Proportion ‘same’ responses at short SOAs are modulated by step-cycle quintile. (a) Grand average de-trended change in head-height at slow (blue) and natural (red) walking speeds during a single step. Note to facilitate step-cycle comparisons, each step is normalised to 1%–100% step cycle completion. (b) Average head-height using both speeds over a single step, with step-cycle quintiles overlayed. (c) Average trial count per step-cycle quintile for the three shortest SOAs (−50, + 40, + 130 ms, shown in dark-grey, yellow, light-grey, respectively). (d–f) Proportion same responses per this selection of SOAs. Only the shortest SOAs closest to the PSS (+40 ms) were significantly modulated by step-cycle quintile.

Figure 4 displays the proportion of ‘same’ responses for these shortest SOAs, including SOA +40 ms which was closest to the point of subjective simultaneity. At this SOA the proportion of ‘same’ responses decreased around the time of footfall. We formally tested for this quadratic trend using mixed-effects models and likelihood ratio tests, and found a quadratic model (with random slopes and intercepts per participant) was a significantly better fit than the basic model that included only random slopes and intercepts per participant (quadratic vs. basic: χ²(2) = 11.11, p = .004, β = −0.012 [−0.02, −0.005]) as well as a simple linear model (quadratic vs. linear: χ²(1) = 11.10, p = 8.6 × 10⁻⁴). The two neighbouring SOAs (auditory leading −50 ms, visual leading +130 ms) demonstrated no impact of step-cycle quintile on synchrony judgements, as neither the linear or quadratic models were a better fit than the basic model (ps > .4).

In summary, at the shortest SOAs closest to the point of subjective simultaneity, synchrony judgements are altered by step-cycle phase in a quadratic manner. Judgements of synchrony for SOAs at the point of subjective simultaneity decrease around the time of footfall.

Discussion

Here we investigated perception of audio-visual synchrony during locomotion, testing whether synchrony perception would be affected by walking speed and whether it would vary with the phase of the step cycle. Participants walked at slow and natural walking speeds in a wireless VR environment indicating whether pairs of audio-visual stimuli were synchronous or not, responding as quickly as possible. We compared the proportion of ‘synchronous’ judgements and reaction-times to stimuli presented at randomly jittered intervals as participants walked a straight and level path. Overall, the effect of slow walking was to increase the probability of ‘synchronous’ judgements and to increase reaction time. An asymmetry was also observed such that walking slowly most strongly affected the visual-leading rather than auditory-leading stimulus pairs. To examine whether synchrony perception modulated with the phases of the step cycle, we analysed the shortest SOA which corresponded closely to the point of subjective simultaneity and found that the proportion of synchronous responses rose and fell across the course of a single step. Responses were modulated by step cycle phase in a quadratic manner, with synchronous responses being lower around the time of footfall at the start and end of each step and higher in the swing phase. Together, these results extend recent evidence that walking dynamically modulates sensory processing to now include the modulation of supra-threshold audio-visual timing judgements.
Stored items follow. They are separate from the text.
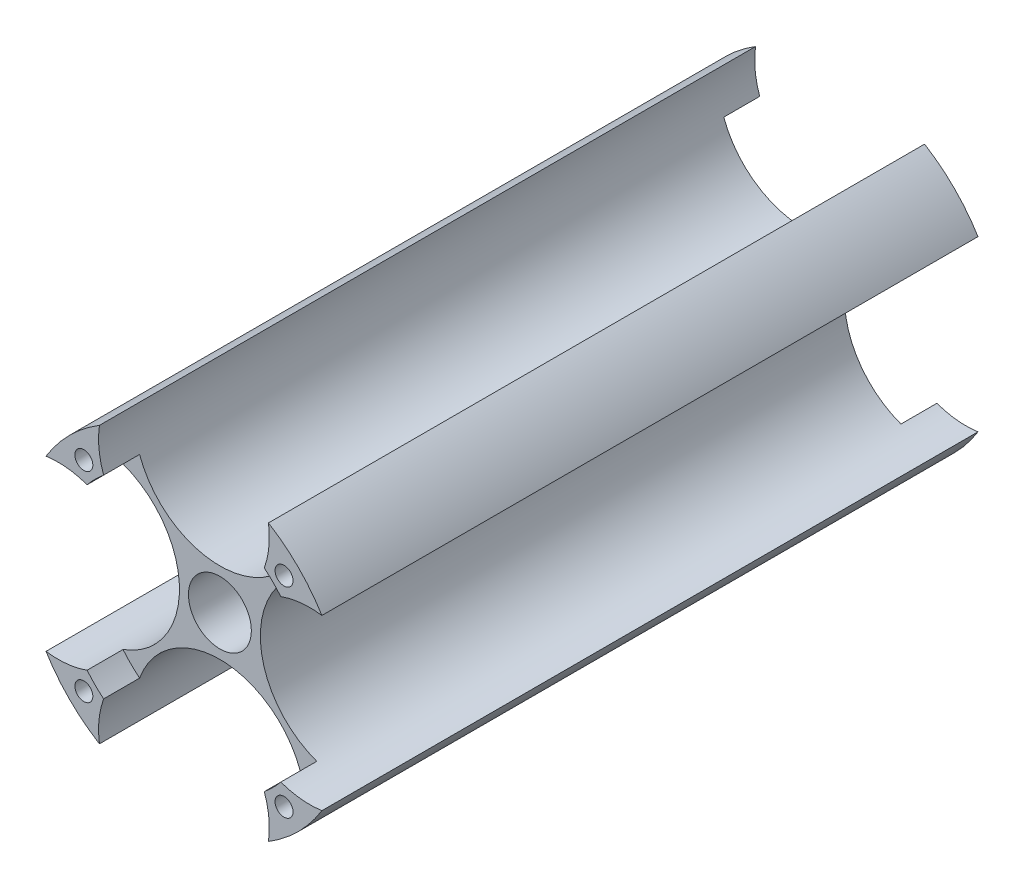
SolidWorks part; units mm, degrees
material "ABS"
ref_plane "Спереди" through (0, 0, 0) normal (0, 0, 1) x (1, 0, 0)
ref_plane "Сверху" through (0, 0, 0) normal (0, 1, 0) x (1, 0, 0)
ref_plane "Справа" through (0, 0, 0) normal (1, 0, 0) x (0, 0, -1)
sketch "Эскиз1" plane through (0, 0, 0) normal (0, 0, 1) x (1, 0, 0)
  line L0 (0, 0) -> (0, -18) construction
  line L1 (0, 0) -> (0, 18) construction
  line L2 (0, 0) -> (-18.5984, 18.5984) construction
  line L3 (0, 0) -> (-14, 0) construction
  circle A0 centre (0, 0) radius 18
  circle A1 centre (0, -14) radius 9.5
  circle A2 centre (-14, 0) radius 9.5
  circle A3 centre (0, 14) radius 9.5
  circle A7 centre (0, 0) radius 3.5
  circle A8 centre (14, 0) radius 9.5
  circle A9 centre (-11.1369, 11.1369) radius 1
  circle A10 centre (11.1369, 11.1369) radius 1
  circle A11 centre (11.1369, -11.1369) radius 1
  circle A12 centre (-11.1369, -11.1369) radius 1
  point P13 (0, 0)
  point P17 (11.5447, 10.6852)
  point P18 (0, 0)
  point P20 (0, 0)
  point P28 (0, 0)
  dimension "D1" = 19
  dimension "D4" = 36
  dimension "D5" = 45
  dimension "D7" = 7
  dimension "D6" = 2
  dimension "D2" = 14
  dimension "D8" = 15.75
  dimension "D3" = 4
  dimension "D9" = 4
extrude "Бобышка-Вытянуть1" add sketch "Эскиз1" along normal blind 65
sketch "Эскиз2" plane through (0, 0, 65) normal (0, 0, 1) x (1, 0, 0)
  circle A0 centre (0, 0) radius 14
  circle A1 centre (14, 0) radius 9.5
  circle A2 centre (14, 0) radius 9.5
  circle A3 centre (0, 14) radius 9.5
  circle A4 centre (0, 14) radius 9.5
  circle A5 centre (-14, 0) radius 9.5
  circle A6 centre (-14, 0) radius 9.5
  circle A7 centre (0, -14) radius 9.5
  circle A8 centre (0, -14) radius 9.5
  circle A9 centre (0, 0) radius 18
  circle A10 centre (0, 0) radius 18
  circle A11 centre (-11.1369, -11.1369) radius 1
  circle A12 centre (-11.1369, -11.1369) radius 1
  circle A13 centre (11.1369, -11.1369) radius 1
  circle A14 centre (11.1369, -11.1369) radius 1
  circle A15 centre (11.1369, 11.1369) radius 1
  circle A16 centre (11.1369, 11.1369) radius 1
  circle A17 centre (-11.1369, 11.1369) radius 1
  circle A18 centre (-11.1369, 11.1369) radius 1
  circle A19 centre (0, 0) radius 3.5
  circle A20 centre (0, 0) radius 3.5
  circle M11 centre (-11.1369, -11.1369) radius 1
  circle M12 centre (11.1369, -11.1369) radius 1
  circle M13 centre (11.1369, 11.1369) radius 1
  circle M14 centre (-11.1369, 11.1369) radius 1
  arc M15 (15.3482, -9.4038) -> (15.3482, 9.4038) centre (14, 0) cw
  arc M16 (15.3482, 9.4038) -> (9.4038, 15.3482) centre (0, 0) ccw
  arc M17 (9.4038, 15.3482) -> (-9.4038, 15.3482) centre (0, 14) cw
  arc M18 (-9.4038, 15.3482) -> (-15.3482, 9.4038) centre (0, 0) ccw
  arc M19 (-15.3482, 9.4038) -> (-15.3482, -9.4038) centre (-14, 0) cw
  arc M20 (-15.3482, -9.4038) -> (-9.4038, -15.3482) centre (0, 0) ccw
  arc M21 (-9.4038, -15.3482) -> (9.4038, -15.3482) centre (0, -14) cw
  arc M22 (9.4038, -15.3482) -> (15.3482, -9.4038) centre (0, 0) ccw
  dimension "D1" = 0
  dimension "D2" = 0
  dimension "D3" = 0
  dimension "D4" = 0
  dimension "D5" = 0
  dimension "D6" = 0
  dimension "D7" = 0
  dimension "D8" = 0
  dimension "D9" = 0
  dimension "D10" = 0
extrude "Бобышка-Вытянуть2" add sketch "Эскиз2" along normal blind 4 contours A0 M19 M20 M21 M11 | A0 M21 M22 M15 M12 | A0 M15 M16 M17 M13 | A0 M17 M18 M19 M14
sketch "Эскиз3" plane through (0, 0, 0) normal (0, 0, -1) x (-1, 0, 0)
  circle A1 centre (0, -14) radius 9.5
  circle A2 centre (0, -14) radius 9.5
  circle A3 centre (14, 0) radius 9.5
  circle A4 centre (14, 0) radius 9.5
  circle A5 centre (0, 14) radius 9.5
  circle A6 centre (0, 14) radius 9.5
  circle A7 centre (-14, 0) radius 9.5
  circle A8 centre (-14, 0) radius 9.5
  circle A9 centre (0, 0) radius 14
  circle A10 centre (0, 0) radius 14
  circle A11 centre (0, 0) radius 3.5
  circle A12 centre (0, 0) radius 3.5
  circle A13 centre (11.1369, 11.1369) radius 1
  circle A14 centre (11.1369, 11.1369) radius 1
  circle A15 centre (-11.1369, 11.1369) radius 1
  circle A16 centre (-11.1369, 11.1369) radius 1
  circle A17 centre (-11.1369, -11.1369) radius 1
  circle A18 centre (-11.1369, -11.1369) radius 1
  circle A19 centre (11.1369, -11.1369) radius 1
  circle A20 centre (11.1369, -11.1369) radius 1
  circle A21 centre (0, 0) radius 18
  circle A22 centre (0, 0) radius 18
  circle M12 centre (11.1369, -11.1369) radius 1
  circle M13 centre (-11.1369, -11.1369) radius 1
  circle M14 centre (-11.1369, 11.1369) radius 1
  circle M15 centre (11.1369, 11.1369) radius 1
  arc M16 (-15.3482, 9.4038) -> (-15.3482, -9.4038) centre (-14, 0) cw
  arc M17 (-15.3482, -9.4038) -> (-9.4038, -15.3482) centre (0, 0) ccw
  arc M18 (-9.4038, -15.3482) -> (9.4038, -15.3482) centre (0, -14) cw
  arc M19 (9.4038, -15.3482) -> (15.3482, -9.4038) centre (0, 0) ccw
  arc M20 (15.3482, -9.4038) -> (15.3482, 9.4038) centre (14, 0) cw
  arc M21 (15.3482, 9.4038) -> (9.4038, 15.3482) centre (0, 0) ccw
  arc M22 (9.4038, 15.3482) -> (-9.4038, 15.3482) centre (0, 14) cw
  arc M23 (-9.4038, 15.3482) -> (-15.3482, 9.4038) centre (0, 0) ccw
  dimension "D1" = 0
  dimension "D2" = 0
  dimension "D3" = 0
  dimension "D4" = 0
  dimension "D5" = 0
  dimension "D6" = 0
  dimension "D7" = 0
  dimension "D8" = 0
  dimension "D9" = 0
  dimension "D10" = 0
  dimension "D11" = 0
extrude "Бобышка-Вытянуть3" add sketch "Эскиз3" along normal blind 4 contours A10 M22 M23 M16 M14 | A10 M16 M17 M18 M13 | A10 M18 M19 M20 M12 | A10 M20 M21 M22 M15
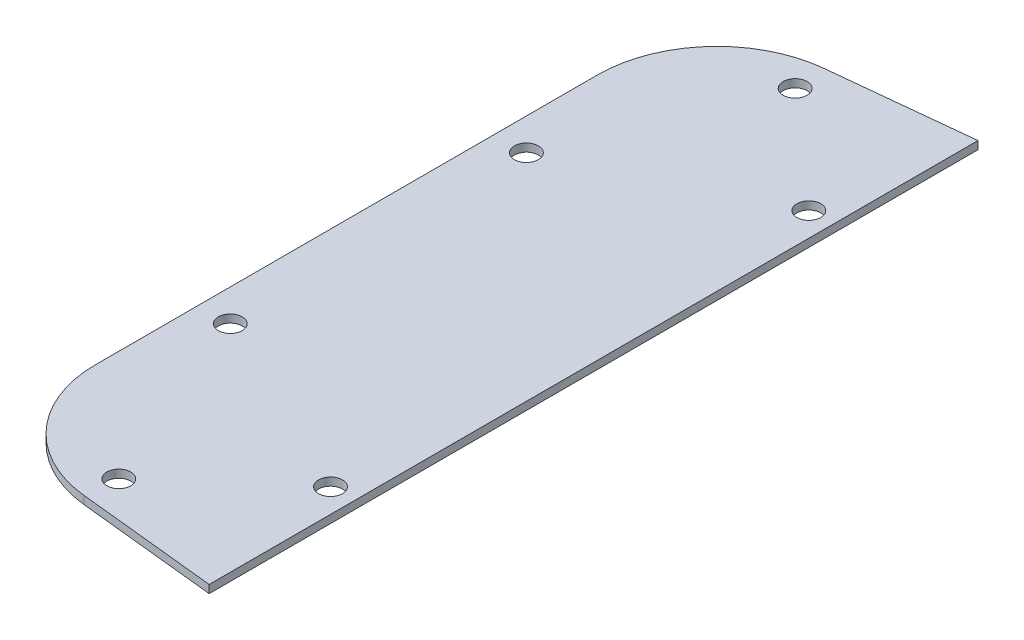
SolidWorks part; units mm, degrees
ref_plane "정면" through (0, 0, 0) normal (0, 0, 1) x (1, 0, 0)
ref_plane "윗면" through (0, 0, 0) normal (0, 1, 0) x (1, 0, 0)
ref_plane "우측면" through (0, 0, 0) normal (1, 0, 0) x (0, 0, -1)
sketch "스케치1" plane through (0, 0, 0) normal (0, 1, 0) x (1, 0, 0)
  line L3 (15.5, 47.3424) -> (-2.051, 45.5177)
  line L4 (-2.051, -47.2786) -> (15.5, -49.1032)
  line L5 (-15.5, 30.5981) -> (-15.5, -32.359)
  line L6 (15.5, 47.3424) -> (15.5, -49.1032)
  arc A2 (-15.5, -32.359) -> (-2.051, -47.2786) centre (-0.5, -32.359) ccw
  arc A3 (-2.051, 45.5177) -> (-15.5, 30.5981) centre (-0.5, 30.5981) ccw
  dimension "D6" = 15
  dimension "D9" = 62.9571
  dimension "D2" = 16
  dimension "D1" = 96.4455
  dimension "D3" = 31
  dimension "D4" = 47.3424
  dimension "D5" = 15.5
  dimension "D7" = 84.065
  dimension "D8" = 84.065
extrude "보스-돌출1" add sketch "스케치1" along normal blind 1
sketch "스케치2" plane through (0, 1, 0) normal (0, 1, 0) x (1, 0, 0)
  line L6 (12.5, -49.1032) -> (12.5, 47.3424)
  line L7 (12.5, -49.1032) -> (12.5, 47.3424) construction
  line L8 (11.5, -44.6658) -> (11.5, 42.905)
  line L9 (11.5, 42.905) -> (-1.6374, 41.5392)
  line L10 (-11.5, 30.5981) -> (-11.5, -32.359)
  line L11 (-1.6374, -43.3) -> (11.5, -44.6658)
  line L13 (11.5, 42.905) -> (-1.6374, 41.5392) construction
  line L14 (-11.5, 30.5981) -> (-11.5, -32.359) construction
  line L15 (-1.6374, -43.3) -> (11.5, -44.6658) construction
  circle A2 centre (-1.6374, 41.5392) radius 1.5
  circle A3 centre (-11.5, 17.695) radius 1.5
  arc A4 (-1.6374, 41.5392) -> (-11.5, 30.5981) centre (-0.5, 30.5981) ccw
  arc A5 (-11.5, -32.359) -> (-1.6374, -43.3) centre (-0.5, -32.359) ccw
  arc A6 (-1.6374, 41.5392) -> (-11.5, 30.5981) centre (-0.5, 30.5981) ccw construction
  arc A7 (-11.5, -32.359) -> (-1.6374, -43.3) centre (-0.5, -32.359) ccw construction
  circle A8 centre (-11.5, -19.4558) radius 1.5
  circle A9 centre (-1.6374, -43.3) radius 1.5
  circle A10 centre (12.5, 29.1196) radius 1.5
  circle A11 centre (12.5, -30.8804) radius 1.5
  point P11 (12.5, -0.8804)
  point P16 (-1.6374, 40.0392)
  point P25 (-1.9457, 41.5027)
  point P26 (11.8372, 42.5793)
  dimension "D2" = 25.21
  dimension "D3" = 25.21
  dimension "D4" = 3
  dimension "D5" = 60
  dimension "D6" = 30
  dimension "D1" = 4
  dimension "D7" = 3
extrude "컷-돌출1" cut sketch "스케치2" against normal up to next
sketch "스케치3" plane through (0, 0, 0) normal (0, -1, 0) x (1, 0, 0)
  line L8 (-11.3, -14.9522) -> (-11.3, 16.7131)
  line L9 (-11.3, 22.1985) -> (-11.3, 32.359)
  line L11 (-1.6168, 43.1011) -> (15.9343, 44.9257)
  line L12 (15.9343, -43.1649) -> (-1.6168, -41.3403)
  line L13 (-11.3, -30.5981) -> (-11.3, 32.359)
  line L14 (1.1113, 43.3847) -> (9.3, 44.236)
  line L15 (9.3, -42.4752) -> (1.1113, -41.6239)
  line L16 (-11.3, -30.5981) -> (-11.3, -20.4377)
  line L18 (9.3, 49.1032) -> (9.3, -47.3424)
  line L19 (9.3, 44.236) -> (9.3, -42.4752)
  arc A0 (-4.263, 42.4822) -> (1.1113, 43.3847) centre (-1.6374, 43.3) ccw
  arc A1 (-11.3, 16.7131) -> (-11.3, 22.1985) centre (-11.5, 19.4558) ccw
  arc A2 (-11.3, -20.4377) -> (-11.3, -14.9522) centre (-11.5, -17.695) ccw
  arc A3 (1.1113, -41.6239) -> (-4.263, -40.7214) centre (-1.6374, -41.5392) ccw
  arc A13 (-1.6168, 43.1011) -> (-11.3, 32.359) centre (-0.5, 32.359) ccw
  arc A14 (-11.3, -30.5981) -> (-1.6168, -41.3403) centre (-0.5, -30.5981) ccw
  arc A15 (-4.263, 42.4822) -> (-11.3, 32.359) centre (-0.5, 32.359) ccw
  arc A16 (-11.3, -30.5981) -> (-4.263, -40.7214) centre (-0.5, -30.5981) ccw
  dimension "D2" = 5.5
  dimension "D1" = 4.2
  dimension "D3" = 6.2
extrude "보스-돌출2" add sketch "스케치3" along normal blind 0.5
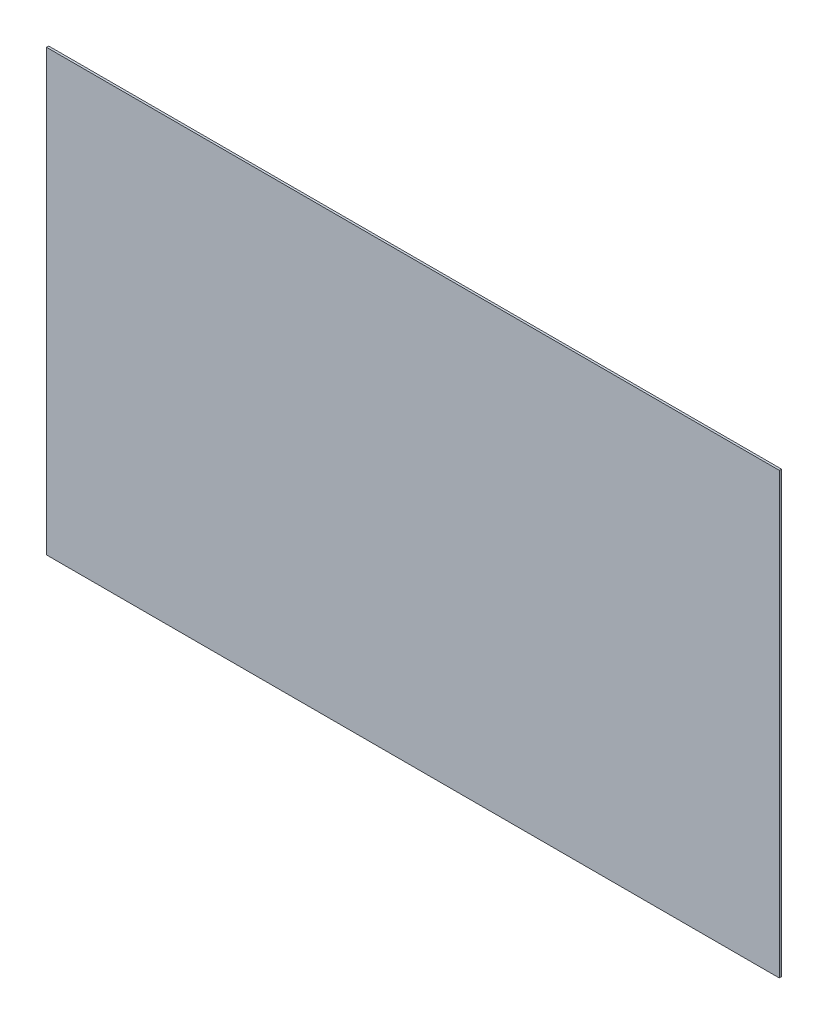
SolidWorks part; units mm, degrees
ref_plane "前视基准面" through (0, 0, 0) normal (0, 0, 1) x (1, 0, 0)
ref_plane "上视基准面" through (0, 0, 0) normal (0, 1, 0) x (1, 0, 0)
ref_plane "右视基准面" through (0, 0, 0) normal (1, 0, 0) x (0, 0, -1)
other "Configuration Table"
sketch "草图1" plane through (0, 0, 0) normal (0, 0, 1) x (1, 0, 0)
  line L1 (0, 0) -> (1000, 0)
  line L2 (0, 0) -> (0, 600)
  line L3 (0, 600) -> (1000, 600)
  line L4 (1000, 0) -> (1000, 600)
  dimension "D1" = 1000
  dimension "D2" = 600
extrude "凸台-拉伸1" add sketch "草图1" along normal blind 3
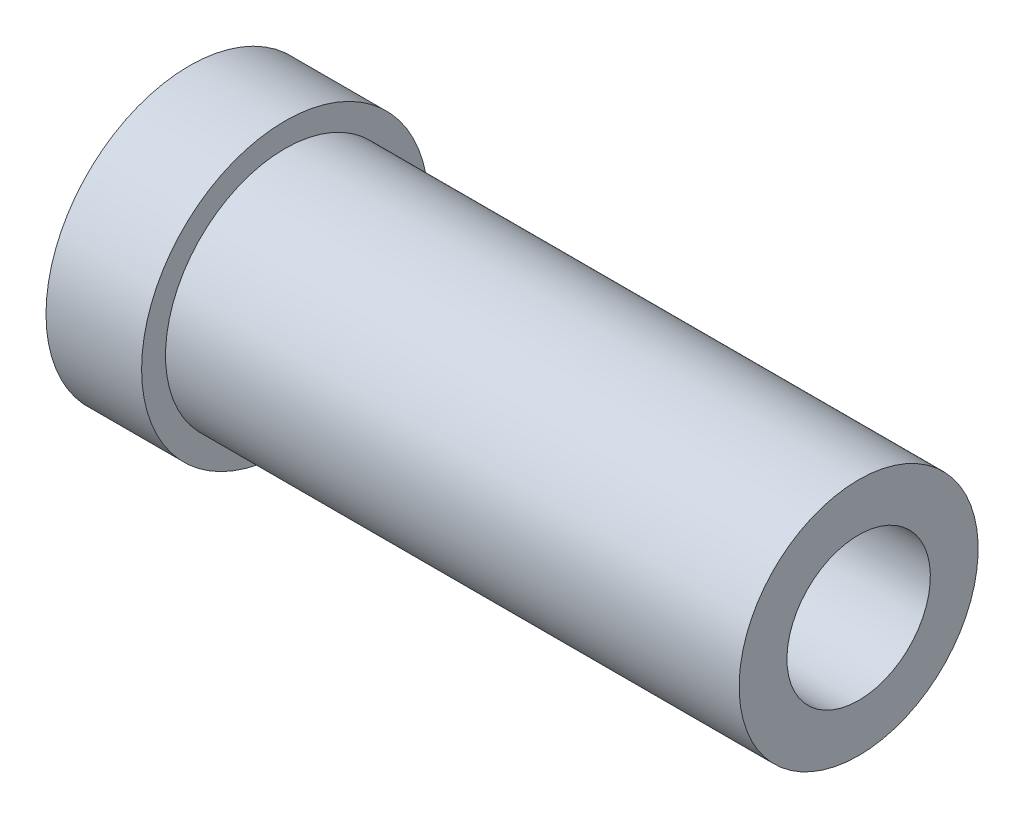
SolidWorks part; units mm, degrees
material "1023 Carbon Steel Sheet (SS)"
ref_plane "Front Plane" through (0, 0, 0) normal (0, 0, 1) x (1, 0, 0)
ref_plane "Top Plane" through (0, 0, 0) normal (0, 1, 0) x (1, 0, 0)
ref_plane "Right Plane" through (0, 0, 0) normal (1, 0, 0) x (0, 0, -1)
sketch "Sketch1" plane through (0, 0, 0) normal (0, 0, 1) x (1, 0, 0)
  line L0 (0, 0) -> (13.2091, 0) construction
  line L1 (3.6256, 2.5) -> (15.6256, 2.5)
  line L2 (15.6256, 2.5) -> (15.6256, 1.5)
  line L3 (15.6256, 1.5) -> (3.6256, 1.5)
  line L4 (3.6256, 1.5) -> (3.6256, 0)
  line L5 (3.6256, 2.5) -> (3.6256, 3)
  line L6 (3.6256, 3) -> (1.6256, 3)
  line L7 (1.6256, 3) -> (1.6256, 0)
  line L8 (3.6256, 0) -> (1.6256, 0)
  dimension "D1" = 12
  dimension "D2" = 2.5
  dimension "D3" = 1.5
  dimension "D4" = 2
  dimension "D5" = 2
  dimension "D6" = 3
revolve "Revolve1" add sketch "Sketch1" angle 360 about L0

Walking at Slow Speed Impairs Audio-Visual Synchrony Judgements

A key finding was that synchrony perception depended on walking speed, with the width of Gaussian functions fit to the proportion of synchronous responses being broader when walking slowly. The overall proportion of synchronous percepts was also higher, and reaction times slower during the slow walk condition compared to when walking at a natural pace. This broadening of the synchrony function in slow walking is effectively a decrease in sensory precision arising from a degraded ability to distinguish the offset of the visual and auditory events.

What might underlie this change in sensory precision during walking? Relative timing judgements have previously been explained by independent component models (Sternberg & Knoll, 1973). In these models, a change in synchrony width would be modelled by shallower psychometric functions for the auditory and visual components respectively (see Figure 5). In our analysis, there was no difference in the point of subjective simultaneity (i.e., the Gaussian mean) between slow and natural walking speeds, meaning the effect of slow walking was confined to a change in the slope of the component psychometric functions, rather than a shift in their means.

Figure 5.

Changing auditory and visual timing precision modulates synchrony responses. Based on independent channels models (e.g., Sternberg & Knoll, 1973) commonly used to explain relative timing, variations in the slope of component psychometric functions will alter the peak synchrony value. If the component slopes were steepest during the swing phase of the step cycle, as implied by previous results (Davidson et al., 2024), then peak synchrony judgements would also modulate with the step cycle and peak in the swing phase, as observed in Figure 4e.

The main factors that cause a broadening of psychometric functions, and thus degraded precision, are a poorer signal-to-noise ratio in the stimulus or a reduction in attentional resources applied to the task. The act of locomotion likely creates a degree of noise and disruption to perception, and this would apply similarly to slow and natural walking. The explanation of the broader synchrony function during slow walking may be due to the increased attentional demands and effort required to walk at a slower than natural pace.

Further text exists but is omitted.